*Exercise goal*
Take from the material every line containing the string "join" and copy it.
........
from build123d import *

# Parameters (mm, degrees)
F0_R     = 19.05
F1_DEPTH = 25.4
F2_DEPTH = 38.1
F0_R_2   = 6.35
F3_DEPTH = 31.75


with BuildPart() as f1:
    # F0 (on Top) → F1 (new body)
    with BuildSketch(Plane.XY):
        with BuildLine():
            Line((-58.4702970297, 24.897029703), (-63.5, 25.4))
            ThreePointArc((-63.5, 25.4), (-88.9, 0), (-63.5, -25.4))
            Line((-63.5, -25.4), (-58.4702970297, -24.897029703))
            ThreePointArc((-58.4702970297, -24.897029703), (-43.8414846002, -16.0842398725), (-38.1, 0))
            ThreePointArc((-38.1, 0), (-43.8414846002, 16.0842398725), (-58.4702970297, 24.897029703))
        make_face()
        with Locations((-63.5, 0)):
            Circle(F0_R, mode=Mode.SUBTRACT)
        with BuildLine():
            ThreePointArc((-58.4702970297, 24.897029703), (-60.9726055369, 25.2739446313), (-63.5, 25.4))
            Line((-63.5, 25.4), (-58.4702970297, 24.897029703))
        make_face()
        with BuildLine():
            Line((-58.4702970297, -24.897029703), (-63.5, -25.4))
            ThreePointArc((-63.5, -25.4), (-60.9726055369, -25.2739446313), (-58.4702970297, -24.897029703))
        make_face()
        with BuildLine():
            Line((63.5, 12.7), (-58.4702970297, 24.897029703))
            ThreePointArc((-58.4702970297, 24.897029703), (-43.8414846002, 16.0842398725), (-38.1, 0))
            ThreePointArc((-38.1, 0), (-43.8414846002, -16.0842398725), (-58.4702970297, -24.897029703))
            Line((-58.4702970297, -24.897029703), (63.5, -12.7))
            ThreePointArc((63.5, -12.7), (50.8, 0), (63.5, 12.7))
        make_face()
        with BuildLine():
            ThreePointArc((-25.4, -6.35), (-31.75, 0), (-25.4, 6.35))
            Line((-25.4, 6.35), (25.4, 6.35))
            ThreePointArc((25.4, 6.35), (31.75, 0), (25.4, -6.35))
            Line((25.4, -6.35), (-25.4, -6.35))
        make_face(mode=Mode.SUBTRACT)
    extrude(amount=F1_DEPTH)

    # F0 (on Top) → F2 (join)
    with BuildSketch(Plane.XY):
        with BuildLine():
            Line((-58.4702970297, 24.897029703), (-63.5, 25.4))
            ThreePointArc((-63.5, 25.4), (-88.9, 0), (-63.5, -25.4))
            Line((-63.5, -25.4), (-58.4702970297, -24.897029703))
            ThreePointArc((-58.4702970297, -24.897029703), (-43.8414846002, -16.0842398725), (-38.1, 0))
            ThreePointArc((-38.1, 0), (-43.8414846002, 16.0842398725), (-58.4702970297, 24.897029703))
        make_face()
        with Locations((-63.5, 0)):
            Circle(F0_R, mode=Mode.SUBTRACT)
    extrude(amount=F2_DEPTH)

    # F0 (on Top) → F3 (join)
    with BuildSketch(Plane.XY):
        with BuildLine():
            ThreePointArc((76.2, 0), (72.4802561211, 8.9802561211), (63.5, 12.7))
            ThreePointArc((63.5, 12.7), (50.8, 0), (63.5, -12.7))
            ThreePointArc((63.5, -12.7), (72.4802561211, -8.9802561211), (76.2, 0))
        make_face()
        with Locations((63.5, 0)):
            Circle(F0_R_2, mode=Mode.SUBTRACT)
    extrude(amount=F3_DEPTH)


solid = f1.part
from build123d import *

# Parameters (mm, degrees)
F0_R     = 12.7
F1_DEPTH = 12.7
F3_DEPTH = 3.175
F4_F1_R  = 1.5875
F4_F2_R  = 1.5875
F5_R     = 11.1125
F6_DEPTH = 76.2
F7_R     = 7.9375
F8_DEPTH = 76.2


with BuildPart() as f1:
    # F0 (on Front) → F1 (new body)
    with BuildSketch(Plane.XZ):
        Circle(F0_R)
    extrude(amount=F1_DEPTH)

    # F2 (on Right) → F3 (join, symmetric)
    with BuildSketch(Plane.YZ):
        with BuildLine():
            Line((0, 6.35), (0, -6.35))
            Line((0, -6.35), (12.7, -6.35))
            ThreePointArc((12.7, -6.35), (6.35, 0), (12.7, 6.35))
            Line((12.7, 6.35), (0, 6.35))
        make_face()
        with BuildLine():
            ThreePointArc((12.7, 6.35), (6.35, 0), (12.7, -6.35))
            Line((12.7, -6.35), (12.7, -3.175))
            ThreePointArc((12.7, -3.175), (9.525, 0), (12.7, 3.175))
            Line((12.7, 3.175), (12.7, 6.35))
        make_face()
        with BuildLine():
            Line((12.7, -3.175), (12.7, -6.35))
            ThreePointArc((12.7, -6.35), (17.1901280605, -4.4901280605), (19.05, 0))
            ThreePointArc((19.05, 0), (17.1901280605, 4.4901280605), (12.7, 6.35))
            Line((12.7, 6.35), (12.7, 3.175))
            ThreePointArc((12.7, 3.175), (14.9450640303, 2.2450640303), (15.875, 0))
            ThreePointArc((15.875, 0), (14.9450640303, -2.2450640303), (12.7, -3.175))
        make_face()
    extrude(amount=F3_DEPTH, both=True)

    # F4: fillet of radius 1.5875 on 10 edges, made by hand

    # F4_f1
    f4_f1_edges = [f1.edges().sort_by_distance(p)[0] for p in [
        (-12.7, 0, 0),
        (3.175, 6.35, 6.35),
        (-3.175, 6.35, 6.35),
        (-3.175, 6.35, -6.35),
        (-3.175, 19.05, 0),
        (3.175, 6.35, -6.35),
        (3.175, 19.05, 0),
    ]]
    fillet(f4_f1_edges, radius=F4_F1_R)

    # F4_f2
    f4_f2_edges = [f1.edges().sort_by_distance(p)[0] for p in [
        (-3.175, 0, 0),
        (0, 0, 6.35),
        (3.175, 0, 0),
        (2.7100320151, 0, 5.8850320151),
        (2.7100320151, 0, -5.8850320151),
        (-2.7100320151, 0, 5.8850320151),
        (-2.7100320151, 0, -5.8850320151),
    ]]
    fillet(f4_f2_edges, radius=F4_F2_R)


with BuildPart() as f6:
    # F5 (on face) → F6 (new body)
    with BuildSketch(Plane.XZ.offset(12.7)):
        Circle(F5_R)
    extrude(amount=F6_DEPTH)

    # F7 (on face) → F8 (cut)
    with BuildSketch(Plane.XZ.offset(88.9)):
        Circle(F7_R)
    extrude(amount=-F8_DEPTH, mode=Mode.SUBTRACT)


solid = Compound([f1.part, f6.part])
........
*Solution to this task*
    # F0 (on Top) → F2 (join)
    # F0 (on Top) → F3 (join)
    # F2 (on Right) → F3 (join, symmetric)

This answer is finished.